To set up a scenario that triggers this code in an interesting way, we
need a sparse-checkout in cone mode and a sparse index. To trigger the
full index expansion and a call to the
clear_skip_worktree_from_present_files_full() method, we need one of the
sparse trees to actually exist on disk. The performance test script
p2000-sparse-operations.sh takes the sample repository and copies its
HEAD to several copies nested in directories of the form f<i>/f<j>/f<k>
where i, j, and k are numbers from 1 to 4. The sparse-checkout cone is
then selected as "f2/f4/". Creating "f1/f1/" will trigger the behavior
and also lead to some interesting cases for the caching algorithm since
"f1/f1/" exists but "f1/f2/" and "f3/" do not.
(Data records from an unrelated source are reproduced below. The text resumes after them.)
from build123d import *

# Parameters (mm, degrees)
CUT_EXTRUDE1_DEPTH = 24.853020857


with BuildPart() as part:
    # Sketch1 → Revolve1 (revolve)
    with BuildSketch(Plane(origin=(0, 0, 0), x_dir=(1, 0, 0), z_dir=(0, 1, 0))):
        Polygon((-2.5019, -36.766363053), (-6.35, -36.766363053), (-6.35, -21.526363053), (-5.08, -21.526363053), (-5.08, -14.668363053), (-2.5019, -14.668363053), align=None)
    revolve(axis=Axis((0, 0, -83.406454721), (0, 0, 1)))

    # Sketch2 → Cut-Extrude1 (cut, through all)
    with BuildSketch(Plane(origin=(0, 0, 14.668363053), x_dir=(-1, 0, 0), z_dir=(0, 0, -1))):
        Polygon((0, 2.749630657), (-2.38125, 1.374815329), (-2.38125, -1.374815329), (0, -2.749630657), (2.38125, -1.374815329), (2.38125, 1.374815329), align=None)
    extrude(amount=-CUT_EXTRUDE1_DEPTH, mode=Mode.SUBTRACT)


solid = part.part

This is difficult to notice when running performance tests using the Git
repository (or a blow-up of the Git repository, as in
p2000-sparse-operations.sh) because Git has a very shallow directory
structure.

This change reorganizes the caching algorithm to focus on storing both
the deepest _existing_ directory and the next-level non-existing
directory. By doing a little extra work on the first sparse file, we can
short-circuit all of the sparse files that exist in that non-existing
directory. When in a repository where the first sparse file is likely to
have a much deeper path than the first non-existing directory, this can
realize significant gains.

The details of this algorithm require careful attention, so the new
implementation of path_found() has detailed comments, including the use
of a new max_common_dir_prefix() method that may be of independent
interest.

It's worth noting that this is not universally positive, since we are
doing extra lstat() calls to establish the exact path to cache. In the
blow-up of the Git repository, we can see that the lstat count
_increases_ from 28 to 31. However, these numbers were already
artificially low.

Using an internal monorepo with over two million paths at HEAD and a
typical sparse-checkout cone such that the index contains ~190,000
entries (including over two thousand sparse trees), I was able to
measure these lstat counts when one sparse directory actually exists on
disk:

  Sparse files in expanded index: 1,841,997
       full_lstat_count (before):   173,259
       full_lstat_count  (after):     6,521

This resulted in this absolute time change, on a warm disk:

      Time in full loop (before): 2.527 s
      Time in full loop  (after): 0.071 s

(These times were calculated on a Windows machine, where lstat() is
slower than a similar Linux machine.)

Signed-off-by: Derrick Stolee <stolee@gmail.com>
---
 sparse-index.c | 118 ++++++++++++++++++++++++++++++++++++++-----------
 1 file changed, 93 insertions(+), 25 deletions(-)

Comments

Elijah Newren June 24, 2024, 10:14 p.m. UTC | #1

On Thu, Jun 20, 2024 at 10:11 AM Derrick Stolee via GitGitGadget
<gitgitgadget@gmail.com> wrote:
>
> From: Derrick Stolee <stolee@gmail.com>
>
> The clear_skip_worktree_from_present_files() method was first introduced
> in af6a51875a (repo_read_index: clear SKIP_WORKTREE bit from files
> present in worktree, 2022-01-14) to allow better interaction with the
> working directory in the presence of paths outside of the
> sparse-checkout cone.

s/cone//

> The initial implementation would lstat() every
> single sparse tree to see if it existed, and if one did, then the sparse
> index would expand and every sparse file would be checked.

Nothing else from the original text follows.